:: RECORDS TO USE

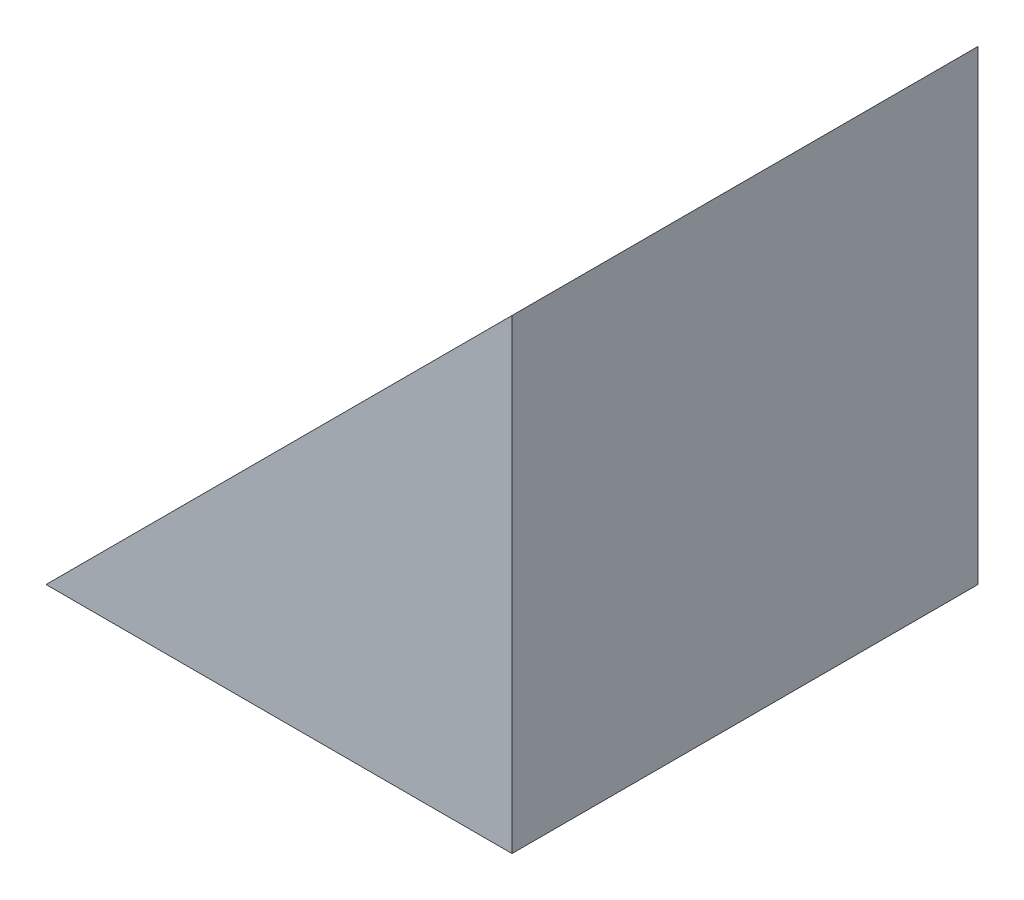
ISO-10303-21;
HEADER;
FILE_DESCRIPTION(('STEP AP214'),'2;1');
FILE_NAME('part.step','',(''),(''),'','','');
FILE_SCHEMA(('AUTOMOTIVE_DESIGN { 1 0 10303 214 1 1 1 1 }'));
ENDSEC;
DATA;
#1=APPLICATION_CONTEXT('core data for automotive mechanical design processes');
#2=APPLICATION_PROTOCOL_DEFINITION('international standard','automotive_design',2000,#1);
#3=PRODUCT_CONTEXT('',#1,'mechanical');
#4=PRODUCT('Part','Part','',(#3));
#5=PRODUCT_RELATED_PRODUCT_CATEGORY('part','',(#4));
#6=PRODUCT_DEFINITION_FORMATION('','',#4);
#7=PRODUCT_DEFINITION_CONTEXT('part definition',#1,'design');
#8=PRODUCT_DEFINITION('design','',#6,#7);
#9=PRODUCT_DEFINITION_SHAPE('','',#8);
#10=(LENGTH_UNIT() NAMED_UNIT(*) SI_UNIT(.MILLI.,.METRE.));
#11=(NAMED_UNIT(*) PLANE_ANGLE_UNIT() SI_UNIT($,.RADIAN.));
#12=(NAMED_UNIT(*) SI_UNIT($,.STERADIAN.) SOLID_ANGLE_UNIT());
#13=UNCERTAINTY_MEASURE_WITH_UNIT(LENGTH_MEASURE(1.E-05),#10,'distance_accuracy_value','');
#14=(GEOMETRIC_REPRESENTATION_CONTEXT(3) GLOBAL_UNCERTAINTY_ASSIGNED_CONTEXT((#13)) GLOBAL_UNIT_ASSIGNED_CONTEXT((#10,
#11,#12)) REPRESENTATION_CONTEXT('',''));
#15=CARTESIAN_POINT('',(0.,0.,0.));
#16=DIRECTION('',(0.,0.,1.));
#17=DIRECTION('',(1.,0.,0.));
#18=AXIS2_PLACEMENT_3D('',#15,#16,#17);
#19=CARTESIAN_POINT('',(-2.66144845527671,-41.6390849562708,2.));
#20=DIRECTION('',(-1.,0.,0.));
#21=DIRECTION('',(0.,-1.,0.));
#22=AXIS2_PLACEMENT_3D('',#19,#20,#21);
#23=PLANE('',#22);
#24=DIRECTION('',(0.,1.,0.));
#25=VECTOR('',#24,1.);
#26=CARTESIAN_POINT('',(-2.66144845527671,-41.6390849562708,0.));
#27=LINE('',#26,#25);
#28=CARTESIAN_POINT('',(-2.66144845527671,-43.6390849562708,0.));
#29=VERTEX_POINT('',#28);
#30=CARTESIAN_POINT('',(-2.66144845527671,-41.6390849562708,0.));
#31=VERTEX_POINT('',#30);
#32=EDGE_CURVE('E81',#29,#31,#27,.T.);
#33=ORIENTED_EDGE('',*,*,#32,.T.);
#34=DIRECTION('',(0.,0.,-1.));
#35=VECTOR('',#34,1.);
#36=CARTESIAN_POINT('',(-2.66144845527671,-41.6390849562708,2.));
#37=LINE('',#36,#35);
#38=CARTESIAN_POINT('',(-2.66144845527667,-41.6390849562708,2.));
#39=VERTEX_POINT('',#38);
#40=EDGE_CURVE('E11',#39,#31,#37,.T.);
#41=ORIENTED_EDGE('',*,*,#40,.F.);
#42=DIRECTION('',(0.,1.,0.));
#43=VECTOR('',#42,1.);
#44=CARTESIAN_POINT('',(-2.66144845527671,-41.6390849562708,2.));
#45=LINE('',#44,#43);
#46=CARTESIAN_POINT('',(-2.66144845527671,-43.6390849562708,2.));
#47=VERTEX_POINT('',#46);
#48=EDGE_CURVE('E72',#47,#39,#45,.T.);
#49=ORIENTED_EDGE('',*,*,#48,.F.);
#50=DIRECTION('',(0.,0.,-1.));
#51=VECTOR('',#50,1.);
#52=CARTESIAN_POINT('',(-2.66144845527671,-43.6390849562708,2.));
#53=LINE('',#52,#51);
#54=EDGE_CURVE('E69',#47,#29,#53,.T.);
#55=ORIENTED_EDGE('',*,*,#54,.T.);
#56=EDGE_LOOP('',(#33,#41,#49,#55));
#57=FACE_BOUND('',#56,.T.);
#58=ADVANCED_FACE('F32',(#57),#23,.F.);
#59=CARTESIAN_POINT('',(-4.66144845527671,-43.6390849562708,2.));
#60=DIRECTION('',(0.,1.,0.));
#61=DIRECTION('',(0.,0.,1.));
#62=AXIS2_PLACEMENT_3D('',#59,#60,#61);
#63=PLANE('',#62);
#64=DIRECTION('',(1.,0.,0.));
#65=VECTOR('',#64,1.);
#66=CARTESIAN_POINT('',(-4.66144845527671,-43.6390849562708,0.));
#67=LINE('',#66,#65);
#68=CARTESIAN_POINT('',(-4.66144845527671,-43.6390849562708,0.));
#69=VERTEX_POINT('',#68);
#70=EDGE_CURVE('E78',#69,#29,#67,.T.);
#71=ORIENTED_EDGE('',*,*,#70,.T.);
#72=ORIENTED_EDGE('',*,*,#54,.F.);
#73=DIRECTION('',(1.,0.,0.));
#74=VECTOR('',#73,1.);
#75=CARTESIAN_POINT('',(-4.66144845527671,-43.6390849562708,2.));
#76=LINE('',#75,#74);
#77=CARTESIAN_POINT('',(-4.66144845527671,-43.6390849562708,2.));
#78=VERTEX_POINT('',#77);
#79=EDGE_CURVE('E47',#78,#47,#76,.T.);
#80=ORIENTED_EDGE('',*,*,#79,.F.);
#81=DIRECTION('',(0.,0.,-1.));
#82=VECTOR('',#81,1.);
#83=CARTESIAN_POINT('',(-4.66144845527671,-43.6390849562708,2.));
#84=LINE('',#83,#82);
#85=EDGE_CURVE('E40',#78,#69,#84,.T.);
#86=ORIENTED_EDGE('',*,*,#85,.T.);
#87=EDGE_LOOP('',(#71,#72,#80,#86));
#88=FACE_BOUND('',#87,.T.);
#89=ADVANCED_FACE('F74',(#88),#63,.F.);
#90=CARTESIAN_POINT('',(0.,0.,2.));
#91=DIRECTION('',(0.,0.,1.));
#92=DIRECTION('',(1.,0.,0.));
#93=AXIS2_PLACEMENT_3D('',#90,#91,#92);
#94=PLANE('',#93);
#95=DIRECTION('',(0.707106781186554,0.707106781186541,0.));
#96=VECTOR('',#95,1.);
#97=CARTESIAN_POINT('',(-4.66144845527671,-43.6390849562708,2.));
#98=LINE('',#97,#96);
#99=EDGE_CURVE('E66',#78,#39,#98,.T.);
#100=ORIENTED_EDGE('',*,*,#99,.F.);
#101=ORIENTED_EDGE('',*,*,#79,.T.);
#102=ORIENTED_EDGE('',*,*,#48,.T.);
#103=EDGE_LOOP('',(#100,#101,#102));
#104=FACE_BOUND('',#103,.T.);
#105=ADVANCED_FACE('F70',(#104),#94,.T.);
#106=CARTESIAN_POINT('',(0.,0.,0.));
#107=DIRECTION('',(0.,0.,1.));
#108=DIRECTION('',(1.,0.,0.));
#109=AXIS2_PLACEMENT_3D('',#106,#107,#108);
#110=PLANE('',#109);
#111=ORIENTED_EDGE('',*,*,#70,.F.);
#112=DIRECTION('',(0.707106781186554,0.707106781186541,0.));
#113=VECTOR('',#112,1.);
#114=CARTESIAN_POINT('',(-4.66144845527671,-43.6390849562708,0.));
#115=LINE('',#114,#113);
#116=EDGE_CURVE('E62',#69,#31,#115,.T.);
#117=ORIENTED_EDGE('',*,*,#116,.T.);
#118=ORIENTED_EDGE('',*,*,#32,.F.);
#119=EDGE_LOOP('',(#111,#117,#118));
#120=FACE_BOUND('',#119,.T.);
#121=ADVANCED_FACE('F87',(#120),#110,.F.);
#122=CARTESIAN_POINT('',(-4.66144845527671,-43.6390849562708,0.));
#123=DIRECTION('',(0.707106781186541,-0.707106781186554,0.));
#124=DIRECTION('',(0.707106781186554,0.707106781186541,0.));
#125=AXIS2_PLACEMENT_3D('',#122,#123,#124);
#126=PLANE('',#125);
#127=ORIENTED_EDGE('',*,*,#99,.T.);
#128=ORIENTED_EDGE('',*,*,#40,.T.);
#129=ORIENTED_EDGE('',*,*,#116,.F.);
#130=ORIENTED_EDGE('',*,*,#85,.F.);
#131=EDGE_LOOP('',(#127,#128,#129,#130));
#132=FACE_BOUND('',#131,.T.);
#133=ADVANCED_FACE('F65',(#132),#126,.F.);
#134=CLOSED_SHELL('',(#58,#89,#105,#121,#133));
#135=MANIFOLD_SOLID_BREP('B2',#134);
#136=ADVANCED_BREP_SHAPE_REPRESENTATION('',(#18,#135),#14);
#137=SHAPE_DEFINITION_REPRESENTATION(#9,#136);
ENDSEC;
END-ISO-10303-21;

::::

- [PROBLEM]
Take the stretch of lines above from the one containing "#94=PLANE('',#93);" through the one containing "#104=FACE_BOUND('',#103,.T.);" and repeat it exactly, adding no other line.

- [SOLUTION FOR THIS PROBLEM]
#94=PLANE('',#93);
#95=DIRECTION('',(0.707106781186554,0.707106781186541,0.));
#96=VECTOR('',#95,1.);
#97=CARTESIAN_POINT('',(-4.66144845527671,-43.6390849562708,2.));
#98=LINE('',#97,#96);
#99=EDGE_CURVE('E66',#78,#39,#98,.T.);
#100=ORIENTED_EDGE('',*,*,#99,.F.);
#101=ORIENTED_EDGE('',*,*,#79,.T.);
#102=ORIENTED_EDGE('',*,*,#48,.T.);
#103=EDGE_LOOP('',(#100,#101,#102));
#104=FACE_BOUND('',#103,.T.);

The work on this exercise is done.